*** Opening of STUDY MATERIAL ***

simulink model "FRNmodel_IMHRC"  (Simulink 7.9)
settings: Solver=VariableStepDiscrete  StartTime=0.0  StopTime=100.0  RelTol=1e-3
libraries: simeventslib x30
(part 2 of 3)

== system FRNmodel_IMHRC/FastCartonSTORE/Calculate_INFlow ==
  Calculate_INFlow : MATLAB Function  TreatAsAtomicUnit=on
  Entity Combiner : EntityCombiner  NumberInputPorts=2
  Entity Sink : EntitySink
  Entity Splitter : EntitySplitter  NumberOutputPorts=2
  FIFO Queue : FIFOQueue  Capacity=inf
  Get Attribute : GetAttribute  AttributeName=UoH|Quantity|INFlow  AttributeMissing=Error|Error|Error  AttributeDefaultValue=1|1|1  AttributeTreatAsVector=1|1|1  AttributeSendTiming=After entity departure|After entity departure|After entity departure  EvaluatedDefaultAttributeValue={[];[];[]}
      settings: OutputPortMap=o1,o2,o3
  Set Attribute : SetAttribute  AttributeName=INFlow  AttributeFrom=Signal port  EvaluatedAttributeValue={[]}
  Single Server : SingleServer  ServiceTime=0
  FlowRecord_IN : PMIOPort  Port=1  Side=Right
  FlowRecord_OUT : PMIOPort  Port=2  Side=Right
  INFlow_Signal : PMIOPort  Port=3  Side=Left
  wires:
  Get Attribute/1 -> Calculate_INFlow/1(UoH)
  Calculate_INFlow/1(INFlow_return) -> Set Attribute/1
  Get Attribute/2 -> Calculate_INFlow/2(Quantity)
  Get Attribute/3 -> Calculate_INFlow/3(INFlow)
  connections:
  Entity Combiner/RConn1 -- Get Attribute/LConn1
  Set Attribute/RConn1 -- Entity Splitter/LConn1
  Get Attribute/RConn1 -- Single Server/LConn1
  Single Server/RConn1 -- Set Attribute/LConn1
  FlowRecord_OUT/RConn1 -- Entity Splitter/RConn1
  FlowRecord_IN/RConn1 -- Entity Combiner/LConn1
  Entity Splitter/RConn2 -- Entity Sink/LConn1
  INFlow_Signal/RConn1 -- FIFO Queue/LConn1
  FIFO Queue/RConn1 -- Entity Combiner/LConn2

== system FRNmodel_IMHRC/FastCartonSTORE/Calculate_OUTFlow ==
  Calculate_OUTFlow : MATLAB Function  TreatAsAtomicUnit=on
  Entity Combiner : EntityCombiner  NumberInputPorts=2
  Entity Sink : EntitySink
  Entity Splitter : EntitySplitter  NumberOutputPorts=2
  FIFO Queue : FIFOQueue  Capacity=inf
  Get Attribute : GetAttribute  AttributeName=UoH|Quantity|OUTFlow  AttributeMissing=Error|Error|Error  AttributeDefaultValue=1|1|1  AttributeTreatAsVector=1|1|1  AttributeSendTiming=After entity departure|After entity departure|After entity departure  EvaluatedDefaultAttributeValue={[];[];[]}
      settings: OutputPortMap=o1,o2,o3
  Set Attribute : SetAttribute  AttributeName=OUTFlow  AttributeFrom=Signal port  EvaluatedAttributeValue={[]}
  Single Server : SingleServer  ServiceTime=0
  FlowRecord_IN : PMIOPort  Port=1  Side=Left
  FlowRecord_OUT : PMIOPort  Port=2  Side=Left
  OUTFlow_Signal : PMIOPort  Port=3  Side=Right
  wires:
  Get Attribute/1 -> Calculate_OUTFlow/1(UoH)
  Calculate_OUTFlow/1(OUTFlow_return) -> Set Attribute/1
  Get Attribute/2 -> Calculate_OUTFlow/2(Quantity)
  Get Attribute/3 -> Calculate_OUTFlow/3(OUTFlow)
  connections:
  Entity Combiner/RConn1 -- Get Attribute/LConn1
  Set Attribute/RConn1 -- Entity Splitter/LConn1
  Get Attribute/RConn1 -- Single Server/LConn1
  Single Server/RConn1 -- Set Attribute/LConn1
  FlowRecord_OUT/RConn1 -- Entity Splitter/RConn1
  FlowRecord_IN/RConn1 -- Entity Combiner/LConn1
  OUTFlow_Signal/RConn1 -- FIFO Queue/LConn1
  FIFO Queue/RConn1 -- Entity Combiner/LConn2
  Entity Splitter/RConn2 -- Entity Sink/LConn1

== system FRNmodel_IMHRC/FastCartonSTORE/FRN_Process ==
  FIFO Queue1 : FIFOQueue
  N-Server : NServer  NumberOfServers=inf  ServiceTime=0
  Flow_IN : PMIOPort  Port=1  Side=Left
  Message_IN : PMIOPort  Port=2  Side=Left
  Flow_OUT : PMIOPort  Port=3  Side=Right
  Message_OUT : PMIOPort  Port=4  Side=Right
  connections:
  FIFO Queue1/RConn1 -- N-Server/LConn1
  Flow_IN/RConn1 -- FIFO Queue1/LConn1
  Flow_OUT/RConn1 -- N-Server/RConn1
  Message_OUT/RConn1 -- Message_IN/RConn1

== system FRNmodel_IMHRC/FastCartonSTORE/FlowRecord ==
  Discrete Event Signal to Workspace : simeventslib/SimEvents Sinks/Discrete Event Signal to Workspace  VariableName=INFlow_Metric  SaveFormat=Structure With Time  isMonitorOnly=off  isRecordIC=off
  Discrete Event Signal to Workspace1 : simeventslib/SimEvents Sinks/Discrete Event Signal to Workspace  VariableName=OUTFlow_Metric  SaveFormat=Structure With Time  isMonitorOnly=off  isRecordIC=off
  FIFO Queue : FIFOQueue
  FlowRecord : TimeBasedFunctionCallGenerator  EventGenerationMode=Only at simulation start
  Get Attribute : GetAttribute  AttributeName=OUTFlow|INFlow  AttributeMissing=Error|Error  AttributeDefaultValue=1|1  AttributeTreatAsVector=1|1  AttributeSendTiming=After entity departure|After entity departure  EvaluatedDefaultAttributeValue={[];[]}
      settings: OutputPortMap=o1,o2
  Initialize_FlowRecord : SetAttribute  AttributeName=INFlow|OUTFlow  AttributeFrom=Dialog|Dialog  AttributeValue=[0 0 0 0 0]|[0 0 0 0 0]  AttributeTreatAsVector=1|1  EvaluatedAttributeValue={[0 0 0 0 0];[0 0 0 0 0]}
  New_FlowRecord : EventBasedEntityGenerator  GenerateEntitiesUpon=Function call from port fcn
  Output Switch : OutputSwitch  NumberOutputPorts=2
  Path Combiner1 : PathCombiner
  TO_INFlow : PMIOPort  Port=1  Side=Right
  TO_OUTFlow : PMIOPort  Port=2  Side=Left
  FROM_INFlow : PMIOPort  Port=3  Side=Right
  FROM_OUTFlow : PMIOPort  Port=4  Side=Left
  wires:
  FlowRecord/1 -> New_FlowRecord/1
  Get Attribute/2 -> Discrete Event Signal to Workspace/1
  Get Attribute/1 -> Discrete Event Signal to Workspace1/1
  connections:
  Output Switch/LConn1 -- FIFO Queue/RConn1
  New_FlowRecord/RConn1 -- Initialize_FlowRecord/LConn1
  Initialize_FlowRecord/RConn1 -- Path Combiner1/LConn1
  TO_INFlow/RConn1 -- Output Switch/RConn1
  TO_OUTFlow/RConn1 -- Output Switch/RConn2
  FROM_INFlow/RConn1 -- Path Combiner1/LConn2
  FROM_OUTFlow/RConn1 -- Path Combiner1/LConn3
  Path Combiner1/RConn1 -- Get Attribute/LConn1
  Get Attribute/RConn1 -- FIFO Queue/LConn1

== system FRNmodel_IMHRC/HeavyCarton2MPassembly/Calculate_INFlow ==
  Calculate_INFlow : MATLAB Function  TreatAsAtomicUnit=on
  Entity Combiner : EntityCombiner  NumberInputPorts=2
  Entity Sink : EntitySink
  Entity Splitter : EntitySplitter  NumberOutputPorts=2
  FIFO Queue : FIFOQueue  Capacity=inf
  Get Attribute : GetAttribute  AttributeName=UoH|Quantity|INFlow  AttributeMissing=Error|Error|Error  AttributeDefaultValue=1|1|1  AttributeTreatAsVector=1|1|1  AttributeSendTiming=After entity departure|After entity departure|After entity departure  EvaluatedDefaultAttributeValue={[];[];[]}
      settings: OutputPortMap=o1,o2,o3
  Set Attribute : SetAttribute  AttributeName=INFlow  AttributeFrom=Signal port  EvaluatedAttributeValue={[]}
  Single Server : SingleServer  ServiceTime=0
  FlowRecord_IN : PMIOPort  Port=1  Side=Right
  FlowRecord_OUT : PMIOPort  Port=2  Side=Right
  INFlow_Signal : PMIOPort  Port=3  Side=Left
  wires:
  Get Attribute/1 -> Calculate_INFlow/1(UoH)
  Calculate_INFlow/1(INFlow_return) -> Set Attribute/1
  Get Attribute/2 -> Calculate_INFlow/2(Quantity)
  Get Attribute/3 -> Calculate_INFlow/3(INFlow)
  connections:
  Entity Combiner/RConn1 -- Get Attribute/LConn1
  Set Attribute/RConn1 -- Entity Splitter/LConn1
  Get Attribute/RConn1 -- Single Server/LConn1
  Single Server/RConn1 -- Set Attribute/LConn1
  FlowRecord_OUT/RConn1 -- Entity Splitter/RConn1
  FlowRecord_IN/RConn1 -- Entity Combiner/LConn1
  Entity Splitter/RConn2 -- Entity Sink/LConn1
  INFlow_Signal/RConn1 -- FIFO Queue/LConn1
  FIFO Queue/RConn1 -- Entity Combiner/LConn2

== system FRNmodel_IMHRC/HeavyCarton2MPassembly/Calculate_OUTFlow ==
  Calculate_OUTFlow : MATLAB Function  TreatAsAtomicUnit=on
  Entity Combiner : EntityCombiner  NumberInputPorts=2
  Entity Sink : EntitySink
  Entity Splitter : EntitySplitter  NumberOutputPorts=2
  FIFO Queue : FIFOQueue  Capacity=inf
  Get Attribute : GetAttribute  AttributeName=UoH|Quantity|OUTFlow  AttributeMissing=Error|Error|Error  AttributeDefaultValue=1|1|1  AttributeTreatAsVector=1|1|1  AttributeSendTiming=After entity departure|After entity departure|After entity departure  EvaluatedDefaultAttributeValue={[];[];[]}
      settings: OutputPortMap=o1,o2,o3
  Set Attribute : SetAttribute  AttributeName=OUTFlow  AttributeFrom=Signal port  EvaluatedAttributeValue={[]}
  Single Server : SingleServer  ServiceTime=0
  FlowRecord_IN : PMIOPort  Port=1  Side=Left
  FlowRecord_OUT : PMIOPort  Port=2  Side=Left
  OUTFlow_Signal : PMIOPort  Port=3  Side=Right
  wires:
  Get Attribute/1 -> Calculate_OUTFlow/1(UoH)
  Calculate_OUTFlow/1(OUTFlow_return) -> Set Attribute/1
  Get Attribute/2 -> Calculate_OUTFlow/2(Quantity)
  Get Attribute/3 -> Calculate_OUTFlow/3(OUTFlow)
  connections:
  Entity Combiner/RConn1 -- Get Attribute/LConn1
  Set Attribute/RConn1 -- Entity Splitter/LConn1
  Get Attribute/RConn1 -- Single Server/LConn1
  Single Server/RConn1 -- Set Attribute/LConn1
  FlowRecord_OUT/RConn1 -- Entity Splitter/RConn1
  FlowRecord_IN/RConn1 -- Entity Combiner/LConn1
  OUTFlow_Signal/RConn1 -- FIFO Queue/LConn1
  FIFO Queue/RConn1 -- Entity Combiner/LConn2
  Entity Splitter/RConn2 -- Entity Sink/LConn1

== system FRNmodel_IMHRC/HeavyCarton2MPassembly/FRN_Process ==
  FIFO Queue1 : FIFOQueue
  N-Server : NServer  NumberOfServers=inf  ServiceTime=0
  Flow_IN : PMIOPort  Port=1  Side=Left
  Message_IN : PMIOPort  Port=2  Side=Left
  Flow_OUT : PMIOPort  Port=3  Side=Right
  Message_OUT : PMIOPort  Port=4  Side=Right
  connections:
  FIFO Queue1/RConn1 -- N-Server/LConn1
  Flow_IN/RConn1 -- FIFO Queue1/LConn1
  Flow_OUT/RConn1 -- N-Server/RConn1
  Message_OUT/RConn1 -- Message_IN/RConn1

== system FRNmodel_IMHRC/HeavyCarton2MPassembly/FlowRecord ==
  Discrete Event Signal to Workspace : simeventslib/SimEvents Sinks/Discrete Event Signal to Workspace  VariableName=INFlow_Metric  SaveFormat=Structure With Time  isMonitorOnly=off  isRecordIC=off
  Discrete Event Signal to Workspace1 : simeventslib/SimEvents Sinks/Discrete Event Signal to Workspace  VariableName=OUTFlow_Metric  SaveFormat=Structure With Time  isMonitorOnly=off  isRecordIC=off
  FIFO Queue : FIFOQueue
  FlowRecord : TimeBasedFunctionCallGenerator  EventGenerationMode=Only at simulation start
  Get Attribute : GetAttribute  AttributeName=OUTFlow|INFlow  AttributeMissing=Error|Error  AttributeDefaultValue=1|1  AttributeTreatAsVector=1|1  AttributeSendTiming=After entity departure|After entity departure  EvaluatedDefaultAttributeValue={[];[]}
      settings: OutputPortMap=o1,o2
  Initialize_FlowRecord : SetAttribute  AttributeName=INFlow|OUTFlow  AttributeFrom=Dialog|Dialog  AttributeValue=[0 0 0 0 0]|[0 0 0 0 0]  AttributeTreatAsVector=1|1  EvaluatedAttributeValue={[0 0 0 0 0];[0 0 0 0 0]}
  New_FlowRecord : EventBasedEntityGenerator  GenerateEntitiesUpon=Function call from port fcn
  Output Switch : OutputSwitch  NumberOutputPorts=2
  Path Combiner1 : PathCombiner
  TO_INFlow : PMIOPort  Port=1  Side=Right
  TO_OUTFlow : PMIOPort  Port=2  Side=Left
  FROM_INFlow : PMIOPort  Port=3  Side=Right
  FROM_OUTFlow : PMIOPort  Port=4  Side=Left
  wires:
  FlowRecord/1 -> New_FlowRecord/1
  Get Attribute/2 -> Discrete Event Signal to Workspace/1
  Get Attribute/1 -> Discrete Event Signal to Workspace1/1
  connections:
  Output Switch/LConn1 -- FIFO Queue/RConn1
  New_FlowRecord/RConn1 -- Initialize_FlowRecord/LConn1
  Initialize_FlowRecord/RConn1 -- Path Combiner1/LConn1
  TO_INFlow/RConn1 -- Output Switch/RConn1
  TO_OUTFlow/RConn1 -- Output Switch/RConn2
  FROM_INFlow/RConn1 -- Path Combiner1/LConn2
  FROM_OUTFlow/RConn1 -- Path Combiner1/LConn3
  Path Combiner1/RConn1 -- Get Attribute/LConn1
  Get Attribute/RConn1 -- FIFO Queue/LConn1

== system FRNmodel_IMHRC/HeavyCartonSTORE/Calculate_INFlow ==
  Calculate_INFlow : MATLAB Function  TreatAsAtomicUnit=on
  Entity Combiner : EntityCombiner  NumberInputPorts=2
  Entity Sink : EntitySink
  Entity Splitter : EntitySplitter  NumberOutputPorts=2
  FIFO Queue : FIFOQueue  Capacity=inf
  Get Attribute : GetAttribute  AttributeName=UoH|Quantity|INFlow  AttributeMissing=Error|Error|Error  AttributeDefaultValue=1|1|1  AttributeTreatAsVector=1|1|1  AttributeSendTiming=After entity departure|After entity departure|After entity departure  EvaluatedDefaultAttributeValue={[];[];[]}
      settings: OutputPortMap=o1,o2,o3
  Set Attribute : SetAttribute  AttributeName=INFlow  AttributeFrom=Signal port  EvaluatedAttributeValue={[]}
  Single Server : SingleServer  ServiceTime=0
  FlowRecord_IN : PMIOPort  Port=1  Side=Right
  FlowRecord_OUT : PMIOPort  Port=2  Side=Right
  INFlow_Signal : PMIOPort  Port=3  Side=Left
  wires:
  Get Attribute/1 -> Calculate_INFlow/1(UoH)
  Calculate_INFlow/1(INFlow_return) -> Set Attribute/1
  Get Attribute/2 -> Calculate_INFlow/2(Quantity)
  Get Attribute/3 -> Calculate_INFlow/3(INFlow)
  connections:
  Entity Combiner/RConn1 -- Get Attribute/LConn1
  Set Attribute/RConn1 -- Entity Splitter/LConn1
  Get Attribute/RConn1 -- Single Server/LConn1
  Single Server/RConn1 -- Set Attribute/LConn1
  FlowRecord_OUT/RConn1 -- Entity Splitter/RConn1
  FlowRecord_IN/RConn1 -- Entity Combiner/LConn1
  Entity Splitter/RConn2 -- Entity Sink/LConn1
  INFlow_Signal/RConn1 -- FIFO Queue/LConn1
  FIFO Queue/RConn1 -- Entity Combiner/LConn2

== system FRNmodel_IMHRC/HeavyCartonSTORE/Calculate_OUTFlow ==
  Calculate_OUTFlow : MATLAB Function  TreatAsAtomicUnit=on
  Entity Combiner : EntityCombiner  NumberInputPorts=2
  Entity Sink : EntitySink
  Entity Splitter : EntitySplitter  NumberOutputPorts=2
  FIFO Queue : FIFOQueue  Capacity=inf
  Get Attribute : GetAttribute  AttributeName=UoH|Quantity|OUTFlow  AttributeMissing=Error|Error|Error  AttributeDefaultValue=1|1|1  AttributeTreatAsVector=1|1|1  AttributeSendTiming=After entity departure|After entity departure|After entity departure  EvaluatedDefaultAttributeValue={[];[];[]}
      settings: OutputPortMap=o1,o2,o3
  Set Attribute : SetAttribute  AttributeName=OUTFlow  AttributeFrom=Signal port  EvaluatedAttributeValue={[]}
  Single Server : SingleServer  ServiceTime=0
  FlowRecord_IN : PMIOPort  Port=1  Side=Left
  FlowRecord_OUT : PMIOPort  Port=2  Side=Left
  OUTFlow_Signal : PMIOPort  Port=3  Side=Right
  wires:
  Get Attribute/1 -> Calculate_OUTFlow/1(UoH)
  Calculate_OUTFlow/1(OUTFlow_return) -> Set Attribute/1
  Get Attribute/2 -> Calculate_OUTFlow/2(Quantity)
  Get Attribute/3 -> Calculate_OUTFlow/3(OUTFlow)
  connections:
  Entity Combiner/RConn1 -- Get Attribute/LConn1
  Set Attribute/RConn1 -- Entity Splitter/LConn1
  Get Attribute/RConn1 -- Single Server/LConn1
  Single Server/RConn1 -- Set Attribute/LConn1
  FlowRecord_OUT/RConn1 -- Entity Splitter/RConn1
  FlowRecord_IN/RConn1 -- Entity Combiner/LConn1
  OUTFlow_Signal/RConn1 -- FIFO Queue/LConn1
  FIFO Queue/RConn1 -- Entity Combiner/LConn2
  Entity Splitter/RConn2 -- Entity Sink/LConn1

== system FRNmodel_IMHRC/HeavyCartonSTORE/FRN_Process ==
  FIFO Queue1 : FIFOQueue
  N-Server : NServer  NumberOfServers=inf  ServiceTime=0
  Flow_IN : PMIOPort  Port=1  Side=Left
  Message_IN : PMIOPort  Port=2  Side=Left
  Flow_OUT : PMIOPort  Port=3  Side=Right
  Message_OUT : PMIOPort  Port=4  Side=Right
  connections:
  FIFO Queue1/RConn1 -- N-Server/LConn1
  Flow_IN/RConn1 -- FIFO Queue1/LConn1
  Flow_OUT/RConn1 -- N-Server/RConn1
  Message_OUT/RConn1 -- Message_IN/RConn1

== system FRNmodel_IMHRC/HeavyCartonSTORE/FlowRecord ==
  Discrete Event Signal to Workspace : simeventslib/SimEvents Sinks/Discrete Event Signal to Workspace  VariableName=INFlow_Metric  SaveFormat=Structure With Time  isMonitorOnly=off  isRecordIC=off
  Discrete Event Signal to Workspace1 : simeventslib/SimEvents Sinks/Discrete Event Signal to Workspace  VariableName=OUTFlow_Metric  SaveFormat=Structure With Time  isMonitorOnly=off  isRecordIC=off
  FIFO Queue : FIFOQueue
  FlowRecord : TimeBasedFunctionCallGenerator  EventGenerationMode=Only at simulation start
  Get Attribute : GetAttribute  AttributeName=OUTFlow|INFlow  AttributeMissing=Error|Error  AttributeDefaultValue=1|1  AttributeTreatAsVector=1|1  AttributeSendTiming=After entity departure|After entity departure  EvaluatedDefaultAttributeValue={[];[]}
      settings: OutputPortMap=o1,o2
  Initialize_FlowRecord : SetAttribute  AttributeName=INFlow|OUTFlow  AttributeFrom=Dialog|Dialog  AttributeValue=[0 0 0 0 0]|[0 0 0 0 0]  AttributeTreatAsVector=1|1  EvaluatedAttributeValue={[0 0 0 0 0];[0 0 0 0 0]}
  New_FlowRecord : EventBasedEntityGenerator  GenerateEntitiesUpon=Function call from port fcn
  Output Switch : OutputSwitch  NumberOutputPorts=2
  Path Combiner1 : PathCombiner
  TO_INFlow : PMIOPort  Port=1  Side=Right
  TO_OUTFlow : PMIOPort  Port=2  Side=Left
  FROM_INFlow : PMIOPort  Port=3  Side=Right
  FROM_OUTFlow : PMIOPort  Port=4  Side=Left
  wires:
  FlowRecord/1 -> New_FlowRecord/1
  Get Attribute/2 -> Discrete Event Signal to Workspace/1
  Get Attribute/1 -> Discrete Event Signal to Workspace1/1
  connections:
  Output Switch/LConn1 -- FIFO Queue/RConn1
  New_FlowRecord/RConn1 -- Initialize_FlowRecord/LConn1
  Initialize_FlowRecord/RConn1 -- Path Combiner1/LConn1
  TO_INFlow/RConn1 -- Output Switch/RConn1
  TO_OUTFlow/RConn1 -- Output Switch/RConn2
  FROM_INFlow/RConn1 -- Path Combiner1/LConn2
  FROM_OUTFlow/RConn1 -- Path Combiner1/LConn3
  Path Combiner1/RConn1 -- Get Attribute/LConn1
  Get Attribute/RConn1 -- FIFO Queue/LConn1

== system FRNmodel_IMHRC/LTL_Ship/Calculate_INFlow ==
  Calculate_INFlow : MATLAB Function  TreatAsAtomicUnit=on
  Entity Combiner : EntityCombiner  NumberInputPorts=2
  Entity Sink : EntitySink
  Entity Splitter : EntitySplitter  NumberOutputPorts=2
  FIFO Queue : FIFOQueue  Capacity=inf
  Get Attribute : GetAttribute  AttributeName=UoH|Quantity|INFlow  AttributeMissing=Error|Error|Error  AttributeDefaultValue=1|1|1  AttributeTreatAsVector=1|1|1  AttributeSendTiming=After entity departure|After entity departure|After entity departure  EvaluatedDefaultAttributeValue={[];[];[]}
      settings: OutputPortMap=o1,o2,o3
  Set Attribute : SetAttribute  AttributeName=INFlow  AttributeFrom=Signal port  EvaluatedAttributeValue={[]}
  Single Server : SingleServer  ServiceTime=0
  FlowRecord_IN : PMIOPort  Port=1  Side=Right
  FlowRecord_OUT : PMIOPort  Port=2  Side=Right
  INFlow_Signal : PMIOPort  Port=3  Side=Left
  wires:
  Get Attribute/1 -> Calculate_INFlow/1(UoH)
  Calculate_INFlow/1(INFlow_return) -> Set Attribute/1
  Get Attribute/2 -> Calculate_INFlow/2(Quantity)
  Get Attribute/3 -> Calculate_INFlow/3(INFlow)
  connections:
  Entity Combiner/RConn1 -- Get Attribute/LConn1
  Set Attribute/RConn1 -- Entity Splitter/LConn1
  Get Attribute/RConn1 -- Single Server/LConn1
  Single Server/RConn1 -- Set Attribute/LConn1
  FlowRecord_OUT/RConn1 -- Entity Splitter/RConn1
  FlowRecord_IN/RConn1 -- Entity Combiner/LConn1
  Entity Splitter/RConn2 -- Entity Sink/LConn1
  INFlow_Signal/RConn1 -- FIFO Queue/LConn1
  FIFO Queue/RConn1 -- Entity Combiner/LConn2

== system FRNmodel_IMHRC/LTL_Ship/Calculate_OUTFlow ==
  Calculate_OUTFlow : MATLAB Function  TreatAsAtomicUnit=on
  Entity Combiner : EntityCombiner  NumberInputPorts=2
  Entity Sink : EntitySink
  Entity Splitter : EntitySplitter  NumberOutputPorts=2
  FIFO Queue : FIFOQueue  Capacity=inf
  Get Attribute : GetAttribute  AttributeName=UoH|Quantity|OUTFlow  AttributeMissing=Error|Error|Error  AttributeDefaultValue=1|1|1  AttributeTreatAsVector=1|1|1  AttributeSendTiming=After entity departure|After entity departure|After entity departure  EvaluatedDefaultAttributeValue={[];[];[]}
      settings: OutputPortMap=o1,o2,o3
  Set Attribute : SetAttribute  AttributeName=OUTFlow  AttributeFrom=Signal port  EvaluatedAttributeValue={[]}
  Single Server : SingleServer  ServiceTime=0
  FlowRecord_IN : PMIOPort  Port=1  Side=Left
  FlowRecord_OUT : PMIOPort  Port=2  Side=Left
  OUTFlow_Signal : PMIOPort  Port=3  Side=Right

*** Close of STUDY MATERIAL ***

* _PROBLEM_
What lines in the data hold the word "HeavyCartonSTORE"? Return them.

* _WORKED SOLUTION_
== system FRNmodel_IMHRC/HeavyCartonSTORE/Calculate_INFlow ==
== system FRNmodel_IMHRC/HeavyCartonSTORE/Calculate_OUTFlow ==
== system FRNmodel_IMHRC/HeavyCartonSTORE/FRN_Process ==
== system FRNmodel_IMHRC/HeavyCartonSTORE/FlowRecord ==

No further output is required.